**ASSIGNMENT**
Could you show all lines in the entries below that contain the string "through"?

* * * *

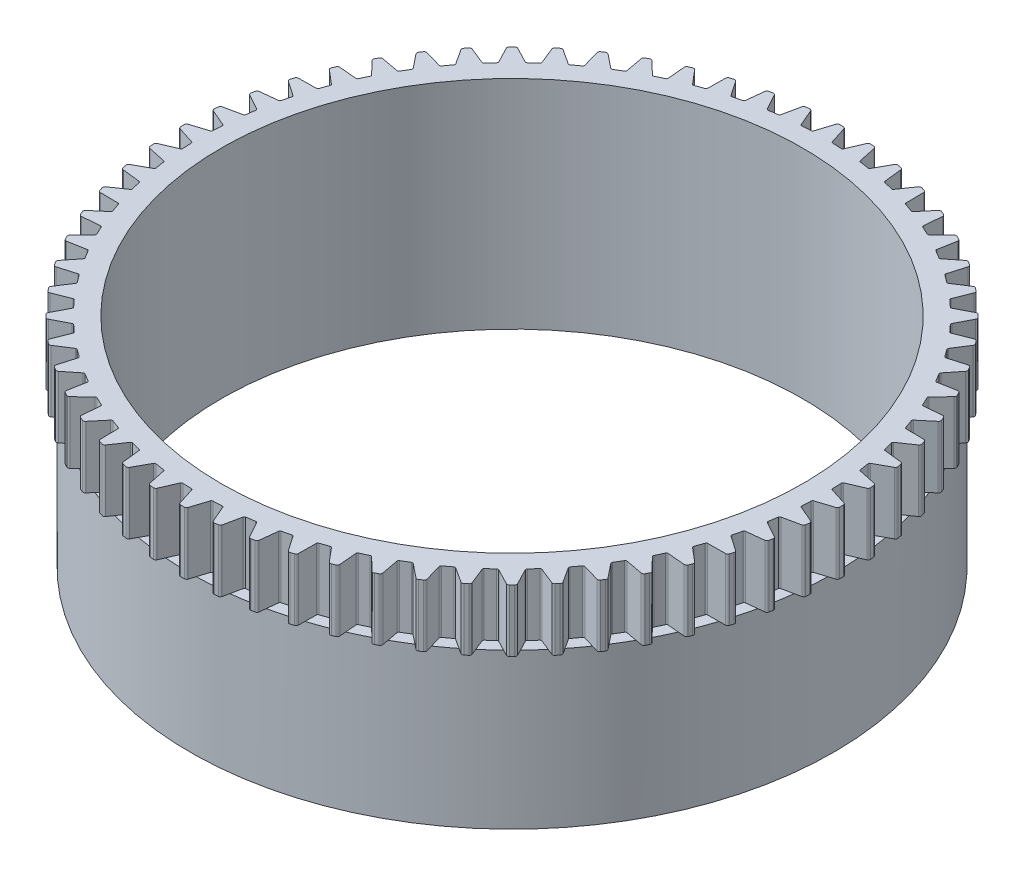
SolidWorks part; units mm, degrees
material "PET"
ref_plane "Front Plane" through (0, 0, 0) normal (0, 0, 1) x (1, 0, 0)
ref_plane "Top Plane" through (0, 0, 0) normal (0, 1, 0) x (1, 0, 0)
ref_plane "Right Plane" through (0, 0, 0) normal (1, 0, 0) x (0, 0, -1)
sketch "Sketch1" plane through (0, 0, 0) normal (0, 1, 0) x (1, 0, 0)
  line L0 (0, 53.7167) -> (0, -50.4595) construction
  line L1 (-0.5164, 42.2908) -> (-1.2072, 40.1152)
  line L2 (-0.2305, 42.5) -> (0.2305, 42.5)
  line L3 (0.5164, 42.2908) -> (1.2072, 40.1152)
  line L4 (3.6313, 42.1378) -> (2.7306, 40.0403)
  line L5 (4.6592, 42.0365) -> (5.1334, 39.8037)
  line L6 (3.9363, 42.3179) -> (4.3951, 42.2728)
  line L7 (7.744, 41.5789) -> (6.642, 39.5799)
  line L8 (8.757, 41.3774) -> (9.0101, 39.1088)
  line L9 (8.0653, 41.7283) -> (8.5174, 41.6384)
  line L10 (11.7822, 40.6197) -> (10.4896, 38.7383)
  line L11 (12.7706, 40.3199) -> (12.8001, 38.0374)
  line L12 (12.1165, 40.7369) -> (12.5577, 40.6031)
  line L13 (15.7069, 39.2692) -> (14.2361, 37.5236)
  line L14 (16.6611, 38.874) -> (16.4667, 36.5996)
  line L15 (16.0511, 39.3531) -> (16.477, 39.1767)
  line L16 (19.4803, 37.5406) -> (17.8455, 35.9475)
  line L17 (20.3912, 37.0537) -> (19.9748, 34.8093)
  line L18 (19.8311, 37.5903) -> (20.2376, 37.373)
  line L19 (23.0661, 35.4504) -> (21.283, 34.0252)
  line L20 (23.9249, 34.8766) -> (23.2906, 32.6838)
  line L21 (23.4201, 35.4655) -> (23.8034, 35.2094)
  line L22 (26.4298, 33.0188) -> (24.5156, 31.7753)
  line L23 (27.2282, 32.3636) -> (26.382, 30.2436)
  line L24 (26.7835, 32.9992) -> (27.1399, 32.7067)
  line L25 (29.5389, 30.2693) -> (27.5121, 29.2193)
  line L26 (30.2693, 29.5389) -> (29.2193, 27.5121)
  line L27 (29.8891, 30.215) -> (30.215, 29.8891)
  line L28 (32.3636, 27.2282) -> (30.2436, 26.382)
  line L29 (33.0188, 26.4298) -> (31.7753, 24.5156)
  line L30 (32.7067, 27.1399) -> (32.9992, 26.7835)
  line L31 (34.8766, 23.9249) -> (32.6838, 23.2906)
  line L32 (35.4504, 23.0661) -> (34.0252, 21.283)
  line L33 (35.2094, 23.8034) -> (35.4655, 23.4201)
  line L34 (37.0537, 20.3912) -> (34.8093, 19.9748)
  line L35 (37.5406, 19.4803) -> (35.9475, 17.8455)
  line L36 (37.373, 20.2376) -> (37.5903, 19.8311)
  line L37 (38.874, 16.6611) -> (36.5996, 16.4667)
  line L38 (39.2692, 15.7069) -> (37.5236, 14.2361)
  line L39 (39.1767, 16.477) -> (39.3531, 16.0511)
  line L40 (40.3199, 12.7706) -> (38.0374, 12.8001)
  line L41 (40.6197, 11.7822) -> (38.7383, 10.4896)
  line L42 (40.6031, 12.5577) -> (40.7369, 12.1165)
  line L43 (41.3774, 8.757) -> (39.1088, 9.0101)
  line L44 (41.5789, 7.744) -> (39.5799, 6.642)
  line L45 (41.6384, 8.5174) -> (41.7283, 8.0653)
  line L46 (42.0365, 4.6592) -> (39.8037, 5.1334)
  line L47 (42.1378, 3.6313) -> (40.0403, 2.7306)
  line L48 (42.2728, 4.3951) -> (42.3179, 3.9363)
  line L49 (42.2908, 0.5164) -> (40.1152, 1.2072)
  line L50 (42.2908, -0.5164) -> (40.1152, -1.2072)
  line L51 (42.5, 0.2305) -> (42.5, -0.2305)
  line L52 (42.1378, -3.6313) -> (40.0403, -2.7306)
  line L53 (42.0365, -4.6592) -> (39.8037, -5.1334)
  line L54 (42.3179, -3.9363) -> (42.2728, -4.3951)
  line L55 (41.5789, -7.744) -> (39.5799, -6.642)
  line L56 (41.3774, -8.757) -> (39.1088, -9.0101)
  line L57 (41.7283, -8.0653) -> (41.6384, -8.5174)
  line L58 (40.6197, -11.7822) -> (38.7383, -10.4896)
  line L59 (40.3199, -12.7706) -> (38.0374, -12.8001)
  line L60 (40.7369, -12.1165) -> (40.6031, -12.5577)
  line L61 (39.2692, -15.7069) -> (37.5236, -14.2361)
  line L62 (38.874, -16.6611) -> (36.5996, -16.4667)
  line L63 (39.3531, -16.0511) -> (39.1767, -16.477)
  line L64 (37.5406, -19.4803) -> (35.9475, -17.8455)
  line L65 (37.0537, -20.3912) -> (34.8093, -19.9748)
  line L66 (37.5903, -19.8311) -> (37.373, -20.2376)
  line L67 (35.4504, -23.0661) -> (34.0252, -21.283)
  line L68 (34.8766, -23.9249) -> (32.6838, -23.2906)
  line L69 (35.4655, -23.4201) -> (35.2094, -23.8034)
  line L70 (33.0188, -26.4298) -> (31.7753, -24.5156)
  line L71 (32.3636, -27.2282) -> (30.2436, -26.382)
  line L72 (32.9992, -26.7835) -> (32.7067, -27.1399)
  line L73 (30.2693, -29.5389) -> (29.2193, -27.5121)
  line L74 (29.5389, -30.2693) -> (27.5121, -29.2193)
  line L75 (30.215, -29.8891) -> (29.8891, -30.215)
  line L76 (27.2282, -32.3636) -> (26.382, -30.2436)
  line L77 (26.4298, -33.0188) -> (24.5156, -31.7753)
  line L78 (27.1399, -32.7067) -> (26.7835, -32.9992)
  line L79 (23.9249, -34.8766) -> (23.2906, -32.6838)
  line L80 (23.0661, -35.4504) -> (21.283, -34.0252)
  line L81 (23.8034, -35.2094) -> (23.4201, -35.4655)
  line L82 (20.3912, -37.0537) -> (19.9748, -34.8093)
  line L83 (19.4803, -37.5406) -> (17.8455, -35.9475)
  line L84 (20.2376, -37.373) -> (19.8311, -37.5903)
  line L85 (16.6611, -38.874) -> (16.4667, -36.5996)
  line L86 (15.7069, -39.2692) -> (14.2361, -37.5236)
  line L87 (16.477, -39.1767) -> (16.0511, -39.3531)
  line L88 (12.7706, -40.3199) -> (12.8001, -38.0374)
  line L89 (11.7822, -40.6197) -> (10.4896, -38.7383)
  line L90 (12.5577, -40.6031) -> (12.1165, -40.7369)
  line L91 (8.757, -41.3774) -> (9.0101, -39.1088)
  line L92 (7.744, -41.5789) -> (6.642, -39.5799)
  line L93 (8.5174, -41.6384) -> (8.0653, -41.7283)
  line L94 (4.6592, -42.0365) -> (5.1334, -39.8037)
  line L95 (3.6313, -42.1378) -> (2.7306, -40.0403)
  line L96 (4.3951, -42.2728) -> (3.9363, -42.3179)
  line L97 (0.5164, -42.2908) -> (1.2072, -40.1152)
  line L98 (-0.5164, -42.2908) -> (-1.2072, -40.1152)
  line L99 (0.2305, -42.5) -> (-0.2305, -42.5)
  line L100 (-3.6313, -42.1378) -> (-2.7306, -40.0403)
  line L101 (-4.6592, -42.0365) -> (-5.1334, -39.8037)
  line L102 (-3.9363, -42.3179) -> (-4.3951, -42.2728)
  line L103 (-7.744, -41.5789) -> (-6.642, -39.5799)
  line L104 (-8.757, -41.3774) -> (-9.0101, -39.1088)
  line L105 (-8.0653, -41.7283) -> (-8.5174, -41.6384)
  line L106 (-11.7822, -40.6197) -> (-10.4896, -38.7383)
  line L107 (-12.7706, -40.3199) -> (-12.8001, -38.0374)
  line L108 (-12.1165, -40.7369) -> (-12.5577, -40.6031)
  line L109 (-15.7069, -39.2692) -> (-14.2361, -37.5236)
  line L110 (-16.6611, -38.874) -> (-16.4667, -36.5996)
  line L111 (-16.0511, -39.3531) -> (-16.477, -39.1767)
  line L112 (-19.4803, -37.5406) -> (-17.8455, -35.9475)
  line L113 (-20.3912, -37.0537) -> (-19.9748, -34.8093)
  line L114 (-19.8311, -37.5903) -> (-20.2376, -37.373)
  line L115 (-23.0661, -35.4504) -> (-21.283, -34.0252)
  line L116 (-23.9249, -34.8766) -> (-23.2906, -32.6838)
  line L117 (-23.4201, -35.4655) -> (-23.8034, -35.2094)
  line L118 (-26.4298, -33.0188) -> (-24.5156, -31.7753)
  line L119 (-27.2282, -32.3636) -> (-26.382, -30.2436)
  line L120 (-26.7835, -32.9992) -> (-27.1399, -32.7067)
  line L121 (-29.5389, -30.2693) -> (-27.5121, -29.2193)
  line L122 (-30.2693, -29.5389) -> (-29.2193, -27.5121)
  line L123 (-29.8891, -30.215) -> (-30.215, -29.8891)
  line L124 (-32.3636, -27.2282) -> (-30.2436, -26.382)
  line L125 (-33.0188, -26.4298) -> (-31.7753, -24.5156)
  line L126 (-32.7067, -27.1399) -> (-32.9992, -26.7835)
  line L127 (-34.8766, -23.9249) -> (-32.6838, -23.2906)
  line L128 (-35.4504, -23.0661) -> (-34.0252, -21.283)
  line L129 (-35.2094, -23.8034) -> (-35.4655, -23.4201)
  line L130 (-37.0537, -20.3912) -> (-34.8093, -19.9748)
  line L131 (-37.5406, -19.4803) -> (-35.9475, -17.8455)
  line L132 (-37.373, -20.2376) -> (-37.5903, -19.8311)
  line L133 (-38.874, -16.6611) -> (-36.5996, -16.4667)
  line L134 (-39.2692, -15.7069) -> (-37.5236, -14.2361)
  line L135 (-39.1767, -16.477) -> (-39.3531, -16.0511)
  line L136 (-40.3199, -12.7706) -> (-38.0374, -12.8001)
  line L137 (-40.6197, -11.7822) -> (-38.7383, -10.4896)
  line L138 (-40.6031, -12.5577) -> (-40.7369, -12.1165)
  line L139 (-41.3774, -8.757) -> (-39.1088, -9.0101)
  line L140 (-41.5789, -7.744) -> (-39.5799, -6.642)
  line L141 (-41.6384, -8.5174) -> (-41.7283, -8.0653)
  line L142 (-42.0365, -4.6592) -> (-39.8037, -5.1334)
  line L143 (-42.1378, -3.6313) -> (-40.0403, -2.7306)
  line L144 (-42.2728, -4.3951) -> (-42.3179, -3.9363)
  line L145 (-42.2908, -0.5164) -> (-40.1152, -1.2072)
  line L146 (-42.2908, 0.5164) -> (-40.1152, 1.2072)
  line L147 (-42.5, -0.2305) -> (-42.5, 0.2305)
  line L148 (-42.1378, 3.6313) -> (-40.0403, 2.7306)
  line L149 (-42.0365, 4.6592) -> (-39.8037, 5.1334)
  line L150 (-42.3179, 3.9363) -> (-42.2728, 4.3951)
  line L151 (-41.5789, 7.744) -> (-39.5799, 6.642)
  line L152 (-41.3774, 8.757) -> (-39.1088, 9.0101)
  line L153 (-41.7283, 8.0653) -> (-41.6384, 8.5174)
  line L154 (-40.6197, 11.7822) -> (-38.7383, 10.4896)
  line L155 (-40.3199, 12.7706) -> (-38.0374, 12.8001)
  line L156 (-40.7369, 12.1165) -> (-40.6031, 12.5577)
  line L157 (-39.2692, 15.7069) -> (-37.5236, 14.2361)
  line L158 (-38.874, 16.6611) -> (-36.5996, 16.4667)
  line L159 (-39.3531, 16.0511) -> (-39.1767, 16.477)
  line L160 (-37.5406, 19.4803) -> (-35.9475, 17.8455)
  line L161 (-37.0537, 20.3912) -> (-34.8093, 19.9748)
  line L162 (-37.5903, 19.8311) -> (-37.373, 20.2376)
  line L163 (-35.4504, 23.0661) -> (-34.0252, 21.283)
  line L164 (-34.8766, 23.9249) -> (-32.6838, 23.2906)
  line L165 (-35.4655, 23.4201) -> (-35.2094, 23.8034)
  line L166 (-33.0188, 26.4298) -> (-31.7753, 24.5156)
  line L167 (-32.3636, 27.2282) -> (-30.2436, 26.382)
  line L168 (-32.9992, 26.7835) -> (-32.7067, 27.1399)
  line L169 (-30.2693, 29.5389) -> (-29.2193, 27.5121)
  line L170 (-29.5389, 30.2693) -> (-27.5121, 29.2193)
  line L171 (-30.215, 29.8891) -> (-29.8891, 30.215)
  line L172 (-27.2282, 32.3636) -> (-26.382, 30.2436)
  line L173 (-26.4298, 33.0188) -> (-24.5156, 31.7753)
  line L174 (-27.1399, 32.7067) -> (-26.7835, 32.9992)
  line L175 (-23.9249, 34.8766) -> (-23.2906, 32.6838)
  line L176 (-23.0661, 35.4504) -> (-21.283, 34.0252)
  line L177 (-23.8034, 35.2094) -> (-23.4201, 35.4655)
  line L178 (-20.3912, 37.0537) -> (-19.9748, 34.8093)
  line L179 (-19.4803, 37.5406) -> (-17.8455, 35.9475)
  line L180 (-20.2376, 37.373) -> (-19.8311, 37.5903)
  line L181 (-16.6611, 38.874) -> (-16.4667, 36.5996)
  line L182 (-15.7069, 39.2692) -> (-14.2361, 37.5236)
  line L183 (-16.477, 39.1767) -> (-16.0511, 39.3531)
  line L184 (-12.7706, 40.3199) -> (-12.8001, 38.0374)
  line L185 (-11.7822, 40.6197) -> (-10.4896, 38.7383)
  line L186 (-12.5577, 40.6031) -> (-12.1165, 40.7369)
  line L187 (-8.757, 41.3774) -> (-9.0101, 39.1088)
  line L188 (-7.744, 41.5789) -> (-6.642, 39.5799)
  line L189 (-8.5174, 41.6384) -> (-8.0653, 41.7283)
  line L190 (-4.6592, 42.0365) -> (-5.1334, 39.8037)
  line L191 (-3.6313, 42.1378) -> (-2.7306, 40.0403)
  line L192 (-4.3951, 42.2728) -> (-3.9363, 42.3179)
  arc A0 (-1.3909, 39.9758) -> (-2.5341, 39.9196) centre (0, 0) ccw
  arc A1 (-0.5164, 42.2908) -> (-0.2305, 42.5) centre (-0.2305, 42.2) cw
  arc A2 (0.2305, 42.5) -> (0.5164, 42.2908) centre (0.2305, 42.2) cw
  arc A3 (1.2072, 40.1152) -> (1.3909, 39.9758) centre (1.3979, 40.1757) ccw
  arc A4 (-1.2072, 40.1152) -> (-1.3909, 39.9758) centre (-1.3979, 40.1757) cw
  arc A5 (2.7306, 40.0403) -> (2.5341, 39.9196) centre (2.5468, 40.1192) cw
  arc A6 (5.1334, 39.8037) -> (5.3025, 39.647) centre (5.329, 39.8452) ccw
  arc A7 (4.3951, 42.2728) -> (4.6592, 42.0365) centre (4.3657, 41.9742) cw
  arc A8 (3.6313, 42.1378) -> (3.9363, 42.3179) centre (3.9069, 42.0194) cw
  arc A9 (6.642, 39.5799) -> (6.4347, 39.479) centre (6.4669, 39.6764) cw
  arc A10 (9.0101, 39.1088) -> (9.1631, 38.9363) centre (9.2089, 39.131) ccw
  arc A11 (8.5174, 41.6384) -> (8.757, 41.3774) centre (8.4589, 41.3442) cw
  arc A12 (7.744, 41.5789) -> (8.0653, 41.7283) centre (8.0067, 41.4341) cw
  arc A13 (10.4896, 38.7383) -> (10.2734, 38.6582) centre (10.3247, 38.8515) cw
  arc A14 (12.8001, 38.0374) -> (12.9354, 37.8507) centre (13, 38.04) ccw
  arc A15 (12.5577, 40.6031) -> (12.7706, 40.3199) centre (12.4706, 40.316) cw
  arc A16 (11.7822, 40.6197) -> (12.1165, 40.7369) centre (12.0294, 40.4498) cw
  arc A17 (14.2361, 37.5236) -> (14.0131, 37.4651) centre (14.0831, 37.6524) cw
  arc A18 (16.4667, 36.5996) -> (16.5831, 36.4006) centre (16.666, 36.5826) ccw
  arc A19 (16.477, 39.1767) -> (16.6611, 38.874) centre (16.3622, 38.8995) cw
  arc A20 (15.7069, 39.2692) -> (16.0511, 39.3531) centre (15.9363, 39.0759) cw
  arc A21 (17.8455, 35.9475) -> (17.6178, 35.9112) centre (17.7059, 36.0907) cw
  arc A22 (19.9748, 34.8093) -> (20.0711, 34.5999) centre (20.1715, 34.7729) ccw
  arc A23 (20.2376, 37.373) -> (20.3912, 37.0537) centre (20.0962, 37.1084) cw
  arc A24 (19.4803, 37.5406) -> (19.8311, 37.5903) centre (19.6897, 37.3257) cw
  arc A25 (21.283, 34.0252) -> (21.0529, 34.0114) centre (21.1581, 34.1815) cw
  arc A26 (23.2906, 32.6838) -> (23.3659, 32.4659) centre (23.4827, 32.6283) ccw
  arc A27 (23.8034, 35.2094) -> (23.9249, 34.8766) centre (23.6367, 34.96) cw
  arc A28 (23.0661, 35.4504) -> (23.4201, 35.4655) centre (23.2534, 35.2161) cw
  arc A29 (24.5156, 31.7753) -> (24.2852, 31.7841) centre (24.4066, 31.943) cw
  arc A30 (26.382, 30.2436) -> (26.4356, 30.0193) centre (26.5677, 30.1694) ccw
  arc A31 (27.1399, 32.7067) -> (27.2282, 32.3636) centre (26.9496, 32.4748) cw
  arc A32 (26.4298, 33.0188) -> (26.7835, 32.9992) centre (26.5932, 32.7673) cw
  arc A33 (27.5121, 29.2193) -> (27.2837, 29.2507) centre (27.4201, 29.3969) cw
  arc A34 (29.2193, 27.5121) -> (29.2507, 27.2837) centre (29.3969, 27.4201) ccw
  arc A35 (30.215, 29.8891) -> (30.2693, 29.5389) centre (30.0029, 29.6769) cw
  arc A36 (29.5389, 30.2693) -> (29.8891, 30.215) centre (29.6769, 30.0029) cw
  arc A37 (30.2436, 26.382) -> (30.0193, 26.4356) centre (30.1694, 26.5677) cw
  arc A38 (31.7753, 24.5156) -> (31.7841, 24.2852) centre (31.943, 24.4066) ccw
  arc A39 (32.9992, 26.7835) -> (33.0188, 26.4298) centre (32.7673, 26.5932) cw
  arc A40 (32.3636, 27.2282) -> (32.7067, 27.1399) centre (32.4748, 26.9496) cw
  arc A41 (32.6838, 23.2906) -> (32.4659, 23.3659) centre (32.6283, 23.4827) cw
  arc A42 (34.0252, 21.283) -> (34.0114, 21.0529) centre (34.1815, 21.1581) ccw
  arc A43 (35.4655, 23.4201) -> (35.4504, 23.0661) centre (35.2161, 23.2534) cw
  arc A44 (34.8766, 23.9249) -> (35.2094, 23.8034) centre (34.96, 23.6367) cw
  arc A45 (34.8093, 19.9748) -> (34.5999, 20.0711) centre (34.7729, 20.1715) cw
  arc A46 (35.9475, 17.8455) -> (35.9112, 17.6178) centre (36.0907, 17.7059) ccw
  arc A47 (37.5903, 19.8311) -> (37.5406, 19.4803) centre (37.3257, 19.6897) cw
  arc A48 (37.0537, 20.3912) -> (37.373, 20.2376) centre (37.1084, 20.0962) cw
  arc A49 (36.5996, 16.4667) -> (36.4006, 16.5831) centre (36.5826, 16.666) cw
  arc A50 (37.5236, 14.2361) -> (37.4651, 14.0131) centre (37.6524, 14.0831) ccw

* * * *

**ANSWER AREA**
ref_plane "Front Plane" through (0, 0, 0) normal (0, 0, 1) x (1, 0, 0)
ref_plane "Top Plane" through (0, 0, 0) normal (0, 1, 0) x (1, 0, 0)
ref_plane "Right Plane" through (0, 0, 0) normal (1, 0, 0) x (0, 0, -1)
sketch "Sketch1" plane through (0, 0, 0) normal (0, 1, 0) x (1, 0, 0)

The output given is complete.